→ **Prompt**
Starting at the line that holds "add(solderconnection)" and stopping at the line that holds "# SC CP copy 5", restate the records below word for word, with both of those lines included.

→ **Recorded data**
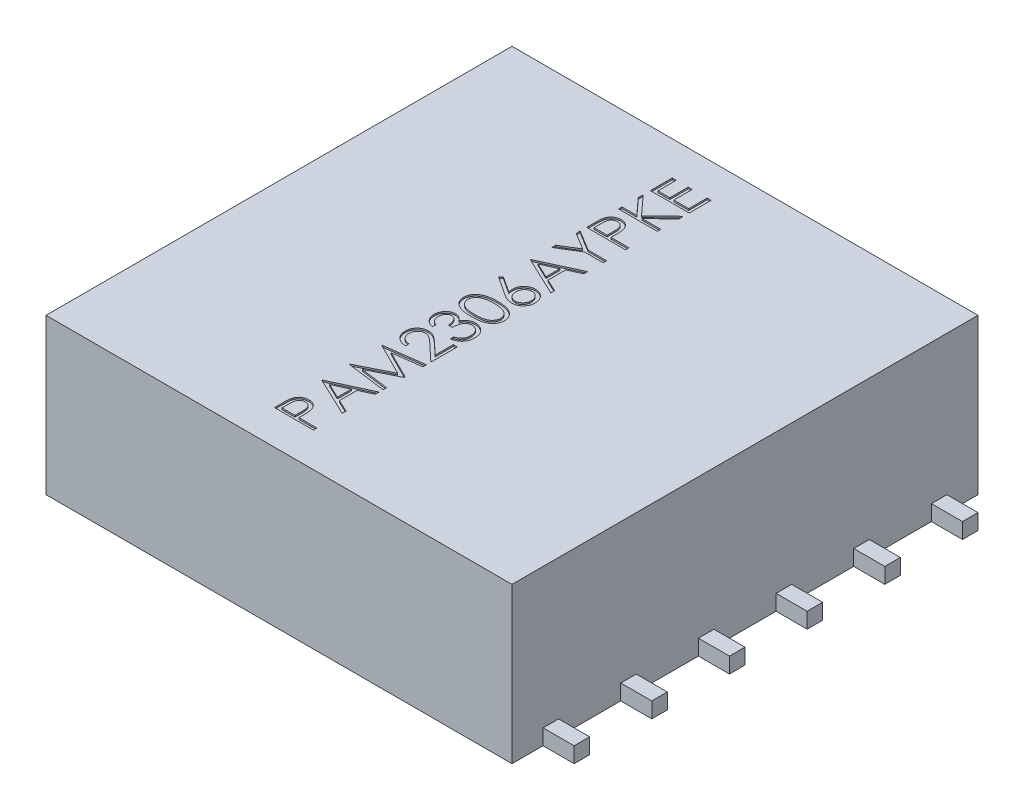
from build123d import *

# Parameters (mm, degrees)
BASES_W                = 3
BASES_H                = 3
BASE_DEPTH             = 1
SOLDERCONNECTIONS_W    = 0.2
SOLDERCONNECTIONS_H    = 0.1
SOLDERCONNECTION_DEPTH = 0.1
SC_LP_COUNT            = 6
SC_LP_PITCH            = 0.5
SC_CP_COUNT            = 2
SC_CP_COPY_1_SKETCH_W  = 0.2
SC_CP_COPY_1_SKETCH_H  = 0.1
SC_CP_COPY_1_DEPTH     = 0.1
SC_CP_COPY_2_SKETCH_W  = 0.2
SC_CP_COPY_2_SKETCH_H  = 0.1
SC_CP_COPY_2_DEPTH     = 0.1
SC_CP_COPY_3_SKETCH_W  = 0.2
SC_CP_COPY_3_SKETCH_H  = 0.1
SC_CP_COPY_3_DEPTH     = 0.1
SC_CP_COPY_4_SKETCH_W  = 0.2
SC_CP_COPY_4_SKETCH_H  = 0.1
SC_CP_COPY_4_DEPTH     = 0.1
SC_CP_COPY_5_SKETCH_W  = 0.2
SC_CP_COPY_5_SKETCH_H  = 0.1
SC_CP_COPY_5_DEPTH     = 0.1
PARTNO_DEPTH           = 0.01


with BuildPart() as part:
    # BaseS → Base (new body)
    with BuildSketch(Plane(origin=(0, 0, 0), x_dir=(1, 0, 0), z_dir=(0, 1, 0))):
        Rectangle(BASES_W, BASES_H)
    extrude(amount=BASE_DEPTH)

    # SolderConnectionS → SolderConnection (add)
    with BuildSketch(Plane(origin=(0, 0, 0), x_dir=(1, 0, 0), z_dir=(0, 1, 0))):
        with Locations((1.6, -1.25)):
            Rectangle(SOLDERCONNECTIONS_W, SOLDERCONNECTIONS_H)
    solderconnection = extrude(amount=SOLDERCONNECTION_DEPTH)

    # SC LP: SolderConnection ×6
    with Locations(*[(0, 0, -i * SC_LP_PITCH) for i in range(1, SC_LP_COUNT)]):
        add(solderconnection)

    # SC CP: SolderConnection ×2 about axis
    sc_cp_axis = Axis((0, 0, 0), (0, 1, 0))
    for i in range(1, SC_CP_COUNT):
        add(solderconnection.rotate(sc_cp_axis, i * 360 / SC_CP_COUNT))

    # SC CP copy 1 sketch → SC CP copy 1 (add)
    with BuildSketch(Plane(origin=(0, 0, 0.5), x_dir=(-1, 0, 0), z_dir=(0, 1, 0))):
        with Locations((1.6, -1.25)):
            Rectangle(SC_CP_COPY_1_SKETCH_W, SC_CP_COPY_1_SKETCH_H)
    extrude(amount=SC_CP_COPY_1_DEPTH)

    # SC CP copy 2 sketch → SC CP copy 2 (add)
    with BuildSketch(Plane(origin=(0, 0, 1), x_dir=(-1, 0, 0), z_dir=(0, 1, 0))):
        with Locations((1.6, -1.25)):
            Rectangle(SC_CP_COPY_2_SKETCH_W, SC_CP_COPY_2_SKETCH_H)
    extrude(amount=SC_CP_COPY_2_DEPTH)

    # SC CP copy 3 sketch → SC CP copy 3 (add)
    with BuildSketch(Plane(origin=(0, 0, 1.5), x_dir=(-1, 0, 0), z_dir=(0, 1, 0))):
        with Locations((1.6, -1.25)):
            Rectangle(SC_CP_COPY_3_SKETCH_W, SC_CP_COPY_3_SKETCH_H)
    extrude(amount=SC_CP_COPY_3_DEPTH)

    # SC CP copy 4 sketch → SC CP copy 4 (add)
    with BuildSketch(Plane(origin=(0, 0, 2), x_dir=(-1, 0, 0), z_dir=(0, 1, 0))):
        with Locations((1.6, -1.25)):
            Rectangle(SC_CP_COPY_4_SKETCH_W, SC_CP_COPY_4_SKETCH_H)
    extrude(amount=SC_CP_COPY_4_DEPTH)

    # SC CP copy 5 sketch → SC CP copy 5 (add)
    with BuildSketch(Plane(origin=(0, 0, 2.5), x_dir=(-1, 0, 0), z_dir=(0, 1, 0))):
        with Locations((1.6, -1.25)):
            Rectangle(SC_CP_COPY_5_SKETCH_W, SC_CP_COPY_5_SKETCH_H)
    extrude(amount=SC_CP_COPY_5_DEPTH)

    # PartNoS → PartNo (cut)
    # profile 1 of 12: a face of its own
    with BuildSketch(Plane(origin=(0, 1, 0), x_dir=(1, 0, 0), z_dir=(0, 1, 0))):
        with BuildLine():
            Line((-0.25, -1.278846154), (-0.25, -1.229817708))
            add(Edge.make_bspline(
                [(-0.25, -1.229817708), (-0.249996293, -1.226445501), (-0.249989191, -1.219984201), (-0.249773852, -1.21071884), (-0.249486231, -1.202303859), (-0.249087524, -1.194757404), (-0.248616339, -1.188056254), (-0.247955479, -1.182230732), (-0.247265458, -1.17723505), (-0.246563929, -1.174241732), (-0.24624399, -1.172876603)],
                knots=[0, 0, 0, 0, 1.415646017, 2.712440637, 3.8905458, 4.950247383, 5.884950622, 6.709939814, 7.411656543, 8, 8, 8, 8], degree=3))
            add(Edge.make_bspline(
                [(-0.24624399, -1.172876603), (-0.245770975, -1.171148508), (-0.244836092, -1.167733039), (-0.242963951, -1.162811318), (-0.240742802, -1.15812971), (-0.238216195, -1.15366732), (-0.23525976, -1.149505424), (-0.232070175, -1.145505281), (-0.228441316, -1.141808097), (-0.224487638, -1.138363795), (-0.220259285, -1.135180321), (-0.215679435, -1.132505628), (-0.210884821, -1.13016696), (-0.205810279, -1.128252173), (-0.200450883, -1.126828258), (-0.194844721, -1.125771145), (-0.188985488, -1.125097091), (-0.184981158, -1.125032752), (-0.182942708, -1.125)],
                knots=[0, 0, 0, 0, 0.999549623, 1.97554611, 2.93413192, 3.889860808, 4.833293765, 5.780583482, 6.742559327, 7.719844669, 8.705620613, 9.691528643, 10.674968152, 11.680406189, 12.713313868, 13.765869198, 14.862690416, 16, 16, 16, 16], degree=3))
            add(Edge.make_bspline(
                [(-0.182942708, -1.125), (-0.180887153, -1.125030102), (-0.17686532, -1.125088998), (-0.170981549, -1.125795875), (-0.165358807, -1.126748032), (-0.160009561, -1.128212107), (-0.154965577, -1.130129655), (-0.150149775, -1.132379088), (-0.145644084, -1.135092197), (-0.141432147, -1.138209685), (-0.13751001, -1.141677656), (-0.133906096, -1.145481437), (-0.130641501, -1.149605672), (-0.127708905, -1.154037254), (-0.125176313, -1.158819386), (-0.122907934, -1.16387954), (-0.121002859, -1.169261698), (-0.120000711, -1.172986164), (-0.119491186, -1.174879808)],
                knots=[0, 0, 0, 0, 1.121902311, 2.195077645, 3.232258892, 4.234102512, 5.217864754, 6.176164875, 7.132989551, 8.084763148, 9.034132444, 9.988522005, 10.94243251, 11.903244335, 12.886203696, 13.894208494, 14.929344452, 16, 16, 16, 16], degree=3))
            add(Edge.make_bspline(
                [(-0.119491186, -1.174879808), (-0.119158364, -1.176446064), (-0.118428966, -1.179878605), (-0.117609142, -1.185531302), (-0.116936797, -1.192116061), (-0.11630936, -1.199610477), (-0.115976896, -1.208032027), (-0.11558653, -1.217361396), (-0.115402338, -1.227630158), (-0.115390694, -1.2347923), (-0.115384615, -1.238531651)],
                knots=[0, 0, 0, 0, 0.601372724, 1.317943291, 2.144091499, 3.08771165, 4.142394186, 5.309582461, 6.595334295, 8, 8, 8, 8], degree=3))
            Line((-0.115384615, -1.238531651), (-0.115384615, -1.256410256))
            Line((-0.115384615, -1.256410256), (0, -1.256410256))
            Line((0, -1.256410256), (0, -1.278846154))
            Line((0, -1.278846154), (-0.25, -1.278846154))
        make_face()
        with BuildLine():
            Line((-0.224358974, -1.256410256), (-0.141025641, -1.256410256))
            Line((-0.141025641, -1.256410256), (-0.14047476, -1.212640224))
            add(Edge.make_bspline(
                [(-0.14047476, -1.212640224), (-0.140473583, -1.210503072), (-0.140471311, -1.206377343), (-0.140756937, -1.200417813), (-0.141082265, -1.1948879), (-0.141574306, -1.189808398), (-0.142219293, -1.185161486), (-0.1430214, -1.180987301), (-0.143893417, -1.177223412), (-0.145350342, -1.172893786), (-0.147590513, -1.168027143), (-0.150851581, -1.162710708), (-0.15507614, -1.158239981), (-0.159812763, -1.154378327), (-0.165067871, -1.151253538), (-0.170720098, -1.149049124), (-0.176685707, -1.147691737), (-0.180765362, -1.147522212), (-0.182842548, -1.147435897)],
                knots=[0, 0, 0, 0, 1.160746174, 2.240796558, 3.240300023, 4.169675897, 5.012224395, 5.787635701, 6.478238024, 7.109103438, 8.265591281, 9.382545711, 10.479929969, 11.588830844, 12.694575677, 13.785760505, 14.872603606, 16, 16, 16, 16], degree=3))
            add(Edge.make_bspline(
                [(-0.182842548, -1.147435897), (-0.18485244, -1.147526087), (-0.188847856, -1.147705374), (-0.194703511, -1.149037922), (-0.200291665, -1.151277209), (-0.205504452, -1.154381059), (-0.210230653, -1.158148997), (-0.214343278, -1.162524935), (-0.217627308, -1.167520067), (-0.219828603, -1.172127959), (-0.221117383, -1.176254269), (-0.222048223, -1.179820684), (-0.2226901, -1.183868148), (-0.223304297, -1.188358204), (-0.223800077, -1.193285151), (-0.224144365, -1.198680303), (-0.224343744, -1.204525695), (-0.224353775, -1.208583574), (-0.224358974, -1.210687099)],
                knots=[0, 0, 0, 0, 1.120540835, 2.227496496, 3.330685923, 4.466139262, 5.598993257, 6.692710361, 7.80064471, 8.921224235, 9.527843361, 10.209888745, 10.975318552, 11.811557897, 12.738105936, 13.73658638, 14.826690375, 16, 16, 16, 16], degree=3))
            Line((-0.224358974, -1.210687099), (-0.224358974, -1.256410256))
        make_face(mode=Mode.SUBTRACT)
    # profile 2 of 12: a face of its own
    with BuildSketch(Plane(origin=(0, 1, 0), x_dir=(1, 0, 0), z_dir=(0, 1, 0))):
        Polygon((-0.25, -0.971153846), (0, -0.855769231), (0, -0.880158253), (-0.080128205, -0.917117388), (-0.080128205, -1.030448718), (0, -1.068459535), (0, -1.092948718), (-0.25, -0.974358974), align=None)
        Polygon((-0.201272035, -0.973006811), (-0.105769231, -1.018279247), (-0.105769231, -0.928936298), align=None, mode=Mode.SUBTRACT)
    # profile 3 of 12: a face of its own
    with BuildSketch(Plane(origin=(0, 1, 0), x_dir=(1, 0, 0), z_dir=(0, 1, 0))):
        Polygon((0, -0.830128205), (-0.25, -0.797125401), (-0.25, -0.793920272), (-0.044871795, -0.690705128), (-0.25, -0.587740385), (-0.25, -0.584485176), (0, -0.551282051), (0, -0.573818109), (-0.179887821, -0.59775641), (0, -0.688000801), (0, -0.693058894), (-0.180288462, -0.783653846), (0, -0.807542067), align=None)
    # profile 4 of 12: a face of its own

→ **Output for this task**
        add(solderconnection)

    # SC CP: SolderConnection ×2 about axis
    sc_cp_axis = Axis((0, 0, 0), (0, 1, 0))
    for i in range(1, SC_CP_COUNT):
        add(solderconnection.rotate(sc_cp_axis, i * 360 / SC_CP_COUNT))

    # SC CP copy 1 sketch → SC CP copy 1 (add)
    with BuildSketch(Plane(origin=(0, 0, 0.5), x_dir=(-1, 0, 0), z_dir=(0, 1, 0))):
        with Locations((1.6, -1.25)):
            Rectangle(SC_CP_COPY_1_SKETCH_W, SC_CP_COPY_1_SKETCH_H)
    extrude(amount=SC_CP_COPY_1_DEPTH)

    # SC CP copy 2 sketch → SC CP copy 2 (add)
    with BuildSketch(Plane(origin=(0, 0, 1), x_dir=(-1, 0, 0), z_dir=(0, 1, 0))):
        with Locations((1.6, -1.25)):
            Rectangle(SC_CP_COPY_2_SKETCH_W, SC_CP_COPY_2_SKETCH_H)
    extrude(amount=SC_CP_COPY_2_DEPTH)

    # SC CP copy 3 sketch → SC CP copy 3 (add)
    with BuildSketch(Plane(origin=(0, 0, 1.5), x_dir=(-1, 0, 0), z_dir=(0, 1, 0))):
        with Locations((1.6, -1.25)):
            Rectangle(SC_CP_COPY_3_SKETCH_W, SC_CP_COPY_3_SKETCH_H)
    extrude(amount=SC_CP_COPY_3_DEPTH)

    # SC CP copy 4 sketch → SC CP copy 4 (add)
    with BuildSketch(Plane(origin=(0, 0, 2), x_dir=(-1, 0, 0), z_dir=(0, 1, 0))):
        with Locations((1.6, -1.25)):
            Rectangle(SC_CP_COPY_4_SKETCH_W, SC_CP_COPY_4_SKETCH_H)
    extrude(amount=SC_CP_COPY_4_DEPTH)

    # SC CP copy 5 sketch → SC CP copy 5 (add)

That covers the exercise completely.